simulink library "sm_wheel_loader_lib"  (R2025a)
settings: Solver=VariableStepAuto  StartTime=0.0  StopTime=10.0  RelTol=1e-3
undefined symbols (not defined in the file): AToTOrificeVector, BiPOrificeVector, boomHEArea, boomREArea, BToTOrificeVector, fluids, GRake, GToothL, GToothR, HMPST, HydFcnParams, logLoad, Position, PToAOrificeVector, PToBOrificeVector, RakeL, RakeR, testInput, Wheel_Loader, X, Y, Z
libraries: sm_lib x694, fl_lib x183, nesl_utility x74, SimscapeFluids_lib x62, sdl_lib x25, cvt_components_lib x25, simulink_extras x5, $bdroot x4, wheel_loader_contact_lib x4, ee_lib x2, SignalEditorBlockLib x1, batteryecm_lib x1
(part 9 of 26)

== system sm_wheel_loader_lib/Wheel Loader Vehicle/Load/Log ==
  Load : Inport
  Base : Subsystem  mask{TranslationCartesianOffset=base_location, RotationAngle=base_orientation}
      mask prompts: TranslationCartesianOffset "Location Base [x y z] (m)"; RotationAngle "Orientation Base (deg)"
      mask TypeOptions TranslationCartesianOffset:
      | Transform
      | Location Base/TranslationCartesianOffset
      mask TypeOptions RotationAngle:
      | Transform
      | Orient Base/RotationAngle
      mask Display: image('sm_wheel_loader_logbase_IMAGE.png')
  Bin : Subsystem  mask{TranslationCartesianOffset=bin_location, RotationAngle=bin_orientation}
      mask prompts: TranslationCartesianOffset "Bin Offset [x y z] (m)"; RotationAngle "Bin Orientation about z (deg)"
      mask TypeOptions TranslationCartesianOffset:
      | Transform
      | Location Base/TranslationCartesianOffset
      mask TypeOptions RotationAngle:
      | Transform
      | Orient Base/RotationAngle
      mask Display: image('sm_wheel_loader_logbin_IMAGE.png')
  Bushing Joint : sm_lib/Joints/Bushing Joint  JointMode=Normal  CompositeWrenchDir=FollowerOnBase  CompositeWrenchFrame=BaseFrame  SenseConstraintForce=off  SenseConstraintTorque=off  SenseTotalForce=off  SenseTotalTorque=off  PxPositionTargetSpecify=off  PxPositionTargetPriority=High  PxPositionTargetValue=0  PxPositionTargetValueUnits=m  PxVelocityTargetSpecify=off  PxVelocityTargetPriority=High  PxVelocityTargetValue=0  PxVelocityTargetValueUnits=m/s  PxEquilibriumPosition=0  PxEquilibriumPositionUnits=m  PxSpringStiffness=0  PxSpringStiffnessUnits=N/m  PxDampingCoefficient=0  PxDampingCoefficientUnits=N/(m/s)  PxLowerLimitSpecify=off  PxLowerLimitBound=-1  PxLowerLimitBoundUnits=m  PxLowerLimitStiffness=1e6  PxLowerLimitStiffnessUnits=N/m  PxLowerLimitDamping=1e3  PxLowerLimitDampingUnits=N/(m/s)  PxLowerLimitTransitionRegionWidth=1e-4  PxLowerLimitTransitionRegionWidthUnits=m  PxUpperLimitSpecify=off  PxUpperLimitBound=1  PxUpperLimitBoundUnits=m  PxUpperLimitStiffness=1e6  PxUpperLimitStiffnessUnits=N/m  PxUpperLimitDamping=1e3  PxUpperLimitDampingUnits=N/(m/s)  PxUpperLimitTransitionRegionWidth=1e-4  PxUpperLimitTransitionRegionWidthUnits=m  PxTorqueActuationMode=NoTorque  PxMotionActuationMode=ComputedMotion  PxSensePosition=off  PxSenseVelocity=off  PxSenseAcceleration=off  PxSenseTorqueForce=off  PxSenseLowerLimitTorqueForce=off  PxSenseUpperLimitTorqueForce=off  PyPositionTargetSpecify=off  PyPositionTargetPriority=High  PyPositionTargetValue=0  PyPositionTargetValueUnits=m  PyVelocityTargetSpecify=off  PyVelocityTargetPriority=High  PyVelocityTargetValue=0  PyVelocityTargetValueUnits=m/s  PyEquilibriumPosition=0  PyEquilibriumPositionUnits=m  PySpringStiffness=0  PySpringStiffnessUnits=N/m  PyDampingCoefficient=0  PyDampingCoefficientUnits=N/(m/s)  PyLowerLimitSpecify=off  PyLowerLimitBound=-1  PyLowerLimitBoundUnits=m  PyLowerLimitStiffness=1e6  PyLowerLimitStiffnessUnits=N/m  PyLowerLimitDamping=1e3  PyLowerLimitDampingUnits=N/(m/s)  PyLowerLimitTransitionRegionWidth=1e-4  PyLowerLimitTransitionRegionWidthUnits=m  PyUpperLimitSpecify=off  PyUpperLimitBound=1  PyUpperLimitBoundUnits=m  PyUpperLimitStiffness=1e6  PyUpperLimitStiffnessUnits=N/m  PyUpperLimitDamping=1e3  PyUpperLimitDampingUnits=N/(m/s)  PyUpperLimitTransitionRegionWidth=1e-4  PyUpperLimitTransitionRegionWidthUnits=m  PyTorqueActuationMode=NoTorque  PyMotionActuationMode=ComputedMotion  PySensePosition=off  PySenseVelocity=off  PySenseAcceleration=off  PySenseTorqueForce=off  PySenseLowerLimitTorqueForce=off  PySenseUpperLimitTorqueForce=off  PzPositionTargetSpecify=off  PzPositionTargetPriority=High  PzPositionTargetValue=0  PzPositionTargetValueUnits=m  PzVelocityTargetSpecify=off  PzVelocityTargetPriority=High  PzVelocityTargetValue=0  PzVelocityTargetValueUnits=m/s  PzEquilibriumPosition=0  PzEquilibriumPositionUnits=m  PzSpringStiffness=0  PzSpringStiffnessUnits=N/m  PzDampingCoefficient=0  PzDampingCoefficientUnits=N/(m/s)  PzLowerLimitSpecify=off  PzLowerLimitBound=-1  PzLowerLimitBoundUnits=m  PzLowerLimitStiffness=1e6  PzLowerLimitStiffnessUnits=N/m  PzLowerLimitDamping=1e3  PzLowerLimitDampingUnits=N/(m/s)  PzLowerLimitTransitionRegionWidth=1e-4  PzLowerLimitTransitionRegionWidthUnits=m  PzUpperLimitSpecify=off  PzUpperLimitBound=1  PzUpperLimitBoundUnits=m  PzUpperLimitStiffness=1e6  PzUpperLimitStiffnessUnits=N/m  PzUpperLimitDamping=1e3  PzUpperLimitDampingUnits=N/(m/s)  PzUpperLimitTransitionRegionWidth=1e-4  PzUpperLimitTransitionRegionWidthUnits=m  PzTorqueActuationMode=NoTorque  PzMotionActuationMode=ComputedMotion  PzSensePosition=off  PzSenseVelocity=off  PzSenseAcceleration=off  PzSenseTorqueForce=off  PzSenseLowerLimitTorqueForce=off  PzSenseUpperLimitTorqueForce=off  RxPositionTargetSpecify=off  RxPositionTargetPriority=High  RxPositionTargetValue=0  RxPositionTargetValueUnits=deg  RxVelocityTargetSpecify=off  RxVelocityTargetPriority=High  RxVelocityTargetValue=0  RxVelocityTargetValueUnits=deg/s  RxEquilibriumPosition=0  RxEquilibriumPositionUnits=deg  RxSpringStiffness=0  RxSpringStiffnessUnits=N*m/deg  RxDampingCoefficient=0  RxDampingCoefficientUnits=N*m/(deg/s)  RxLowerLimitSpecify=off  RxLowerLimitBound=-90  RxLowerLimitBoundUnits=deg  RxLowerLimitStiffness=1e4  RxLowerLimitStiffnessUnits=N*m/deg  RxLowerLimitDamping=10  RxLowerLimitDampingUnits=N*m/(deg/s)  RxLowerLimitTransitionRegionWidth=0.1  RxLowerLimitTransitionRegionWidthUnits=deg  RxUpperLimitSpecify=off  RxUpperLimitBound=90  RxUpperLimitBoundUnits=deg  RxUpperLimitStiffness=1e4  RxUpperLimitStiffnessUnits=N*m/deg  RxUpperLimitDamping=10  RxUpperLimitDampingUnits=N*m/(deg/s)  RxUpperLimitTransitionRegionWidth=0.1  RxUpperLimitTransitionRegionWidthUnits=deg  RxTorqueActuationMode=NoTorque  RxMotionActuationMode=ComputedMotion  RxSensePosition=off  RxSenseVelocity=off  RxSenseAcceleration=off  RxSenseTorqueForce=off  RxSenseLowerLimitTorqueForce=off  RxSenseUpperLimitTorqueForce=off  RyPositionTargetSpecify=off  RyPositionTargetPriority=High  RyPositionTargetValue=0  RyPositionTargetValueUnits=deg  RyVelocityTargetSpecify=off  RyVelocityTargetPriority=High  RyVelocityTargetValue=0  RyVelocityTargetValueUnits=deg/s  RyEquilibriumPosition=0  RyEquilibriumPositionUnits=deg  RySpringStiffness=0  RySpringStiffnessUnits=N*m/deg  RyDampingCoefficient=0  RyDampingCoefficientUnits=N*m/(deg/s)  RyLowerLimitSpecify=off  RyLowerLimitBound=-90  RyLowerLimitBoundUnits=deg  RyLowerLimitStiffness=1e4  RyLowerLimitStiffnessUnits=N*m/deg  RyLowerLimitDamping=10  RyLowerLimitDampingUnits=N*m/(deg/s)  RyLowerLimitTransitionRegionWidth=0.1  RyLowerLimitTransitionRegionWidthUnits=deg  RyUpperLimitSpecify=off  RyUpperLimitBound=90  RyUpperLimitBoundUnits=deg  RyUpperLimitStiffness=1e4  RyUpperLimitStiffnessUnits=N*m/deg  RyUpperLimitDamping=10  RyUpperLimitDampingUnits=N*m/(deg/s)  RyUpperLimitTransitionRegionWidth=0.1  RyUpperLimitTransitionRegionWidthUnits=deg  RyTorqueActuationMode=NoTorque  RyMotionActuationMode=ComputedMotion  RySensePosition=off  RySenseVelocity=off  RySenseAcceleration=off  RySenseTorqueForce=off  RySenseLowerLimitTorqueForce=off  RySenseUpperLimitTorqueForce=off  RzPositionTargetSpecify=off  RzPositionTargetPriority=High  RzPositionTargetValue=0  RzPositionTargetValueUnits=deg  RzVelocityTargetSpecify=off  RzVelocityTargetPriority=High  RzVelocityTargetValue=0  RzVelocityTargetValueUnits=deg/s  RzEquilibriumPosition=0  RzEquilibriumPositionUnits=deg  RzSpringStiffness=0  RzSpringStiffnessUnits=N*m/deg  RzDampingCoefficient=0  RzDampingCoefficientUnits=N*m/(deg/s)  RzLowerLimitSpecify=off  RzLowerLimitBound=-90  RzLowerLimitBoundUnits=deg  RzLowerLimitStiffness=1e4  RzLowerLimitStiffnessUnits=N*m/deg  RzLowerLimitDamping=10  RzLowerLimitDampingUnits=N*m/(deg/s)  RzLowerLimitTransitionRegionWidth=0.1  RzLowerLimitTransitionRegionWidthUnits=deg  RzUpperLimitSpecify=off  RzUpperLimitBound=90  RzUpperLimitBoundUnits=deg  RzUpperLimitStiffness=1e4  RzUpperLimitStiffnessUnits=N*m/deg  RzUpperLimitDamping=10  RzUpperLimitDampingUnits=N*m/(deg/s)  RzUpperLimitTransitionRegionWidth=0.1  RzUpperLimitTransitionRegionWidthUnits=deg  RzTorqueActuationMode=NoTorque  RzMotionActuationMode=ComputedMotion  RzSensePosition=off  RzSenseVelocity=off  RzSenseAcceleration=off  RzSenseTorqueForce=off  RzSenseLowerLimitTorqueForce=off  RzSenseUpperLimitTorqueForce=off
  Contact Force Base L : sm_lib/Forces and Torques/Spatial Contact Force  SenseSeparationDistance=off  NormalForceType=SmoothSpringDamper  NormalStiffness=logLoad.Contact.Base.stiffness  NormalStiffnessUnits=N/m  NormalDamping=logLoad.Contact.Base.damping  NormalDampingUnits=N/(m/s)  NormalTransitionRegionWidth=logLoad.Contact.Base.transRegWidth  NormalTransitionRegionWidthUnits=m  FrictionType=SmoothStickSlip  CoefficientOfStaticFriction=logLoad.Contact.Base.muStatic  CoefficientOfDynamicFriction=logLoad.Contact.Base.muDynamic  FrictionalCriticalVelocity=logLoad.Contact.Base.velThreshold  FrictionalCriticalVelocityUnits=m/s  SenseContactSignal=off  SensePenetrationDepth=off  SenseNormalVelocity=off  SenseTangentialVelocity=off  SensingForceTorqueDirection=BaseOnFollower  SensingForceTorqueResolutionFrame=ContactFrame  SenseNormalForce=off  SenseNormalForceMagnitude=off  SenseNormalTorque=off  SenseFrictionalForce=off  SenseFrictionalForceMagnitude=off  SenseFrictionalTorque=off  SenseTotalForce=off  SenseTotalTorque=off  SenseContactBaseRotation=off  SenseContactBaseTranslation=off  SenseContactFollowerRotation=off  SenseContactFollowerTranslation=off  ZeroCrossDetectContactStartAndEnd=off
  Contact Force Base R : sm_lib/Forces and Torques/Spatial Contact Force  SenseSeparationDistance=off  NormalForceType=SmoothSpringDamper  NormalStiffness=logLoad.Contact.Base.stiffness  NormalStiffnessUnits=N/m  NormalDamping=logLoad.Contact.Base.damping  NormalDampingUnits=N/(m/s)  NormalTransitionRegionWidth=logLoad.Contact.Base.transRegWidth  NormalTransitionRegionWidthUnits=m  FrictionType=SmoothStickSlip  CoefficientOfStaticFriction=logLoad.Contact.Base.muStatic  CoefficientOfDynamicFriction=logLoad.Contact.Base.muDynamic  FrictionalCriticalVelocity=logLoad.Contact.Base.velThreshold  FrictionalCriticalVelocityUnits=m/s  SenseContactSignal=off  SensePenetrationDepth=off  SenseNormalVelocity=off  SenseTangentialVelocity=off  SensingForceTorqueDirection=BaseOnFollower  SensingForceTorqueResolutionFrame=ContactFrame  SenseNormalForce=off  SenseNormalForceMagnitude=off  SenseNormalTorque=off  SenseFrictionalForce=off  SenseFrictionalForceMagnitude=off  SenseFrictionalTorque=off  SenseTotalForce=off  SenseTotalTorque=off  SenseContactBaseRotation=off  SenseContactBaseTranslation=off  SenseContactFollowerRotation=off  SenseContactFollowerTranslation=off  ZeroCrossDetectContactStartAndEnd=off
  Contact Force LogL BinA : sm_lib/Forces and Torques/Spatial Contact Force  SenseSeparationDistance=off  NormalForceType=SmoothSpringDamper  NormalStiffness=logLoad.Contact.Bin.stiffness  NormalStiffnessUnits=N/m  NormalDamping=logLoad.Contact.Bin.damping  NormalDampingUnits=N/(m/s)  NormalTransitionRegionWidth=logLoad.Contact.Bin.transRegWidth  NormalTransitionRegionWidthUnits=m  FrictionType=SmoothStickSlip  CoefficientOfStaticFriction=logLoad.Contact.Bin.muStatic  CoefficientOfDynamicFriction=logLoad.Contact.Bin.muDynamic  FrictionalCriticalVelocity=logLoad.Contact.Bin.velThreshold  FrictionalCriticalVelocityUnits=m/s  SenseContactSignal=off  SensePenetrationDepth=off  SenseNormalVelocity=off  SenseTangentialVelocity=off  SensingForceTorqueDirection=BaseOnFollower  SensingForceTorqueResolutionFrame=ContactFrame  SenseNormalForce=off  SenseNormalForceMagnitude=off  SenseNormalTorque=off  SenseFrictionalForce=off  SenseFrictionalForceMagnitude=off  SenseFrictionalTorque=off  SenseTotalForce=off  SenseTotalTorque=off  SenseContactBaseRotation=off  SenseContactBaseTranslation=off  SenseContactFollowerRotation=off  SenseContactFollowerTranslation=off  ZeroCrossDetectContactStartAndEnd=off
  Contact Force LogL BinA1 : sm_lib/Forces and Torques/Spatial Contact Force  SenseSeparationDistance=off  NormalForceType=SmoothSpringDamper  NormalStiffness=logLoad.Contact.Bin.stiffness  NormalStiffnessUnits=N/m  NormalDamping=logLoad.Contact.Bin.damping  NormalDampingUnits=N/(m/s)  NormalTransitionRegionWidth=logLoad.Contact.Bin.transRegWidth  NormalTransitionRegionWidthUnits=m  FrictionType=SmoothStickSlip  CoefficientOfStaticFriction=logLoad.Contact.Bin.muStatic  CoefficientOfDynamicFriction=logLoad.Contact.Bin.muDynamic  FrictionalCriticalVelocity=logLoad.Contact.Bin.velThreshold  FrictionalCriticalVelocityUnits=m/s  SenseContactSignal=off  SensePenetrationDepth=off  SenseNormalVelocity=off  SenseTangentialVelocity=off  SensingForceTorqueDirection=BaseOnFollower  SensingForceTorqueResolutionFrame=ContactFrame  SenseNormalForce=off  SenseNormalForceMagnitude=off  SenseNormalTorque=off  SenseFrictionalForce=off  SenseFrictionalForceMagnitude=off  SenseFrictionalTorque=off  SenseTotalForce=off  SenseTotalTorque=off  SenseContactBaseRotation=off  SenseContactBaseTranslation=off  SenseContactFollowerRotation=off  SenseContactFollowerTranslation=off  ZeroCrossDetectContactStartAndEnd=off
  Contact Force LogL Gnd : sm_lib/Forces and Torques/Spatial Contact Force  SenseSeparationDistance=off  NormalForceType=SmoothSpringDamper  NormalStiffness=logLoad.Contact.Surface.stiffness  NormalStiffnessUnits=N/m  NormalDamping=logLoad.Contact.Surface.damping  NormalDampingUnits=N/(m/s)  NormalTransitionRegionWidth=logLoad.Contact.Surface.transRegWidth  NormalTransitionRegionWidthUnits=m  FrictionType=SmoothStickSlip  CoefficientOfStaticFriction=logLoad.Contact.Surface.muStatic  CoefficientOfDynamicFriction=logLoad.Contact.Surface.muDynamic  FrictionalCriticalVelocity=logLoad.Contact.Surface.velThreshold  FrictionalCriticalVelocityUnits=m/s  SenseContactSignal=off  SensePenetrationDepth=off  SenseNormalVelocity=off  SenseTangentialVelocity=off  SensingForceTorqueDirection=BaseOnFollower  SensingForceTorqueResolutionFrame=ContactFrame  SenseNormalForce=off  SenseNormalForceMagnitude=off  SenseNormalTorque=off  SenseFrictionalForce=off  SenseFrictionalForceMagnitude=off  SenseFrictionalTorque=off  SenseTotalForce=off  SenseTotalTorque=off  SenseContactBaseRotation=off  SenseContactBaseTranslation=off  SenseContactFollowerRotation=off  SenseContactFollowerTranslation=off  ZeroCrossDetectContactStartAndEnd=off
__________
**DIRECTIONS**. If the string "image" is in a line of the entries, pick that line out.

**RESULT OF THE TASK**.
      mask Display: image('sm_wheel_loader_logbase_IMAGE.png')
      mask Display: image('sm_wheel_loader_logbin_IMAGE.png')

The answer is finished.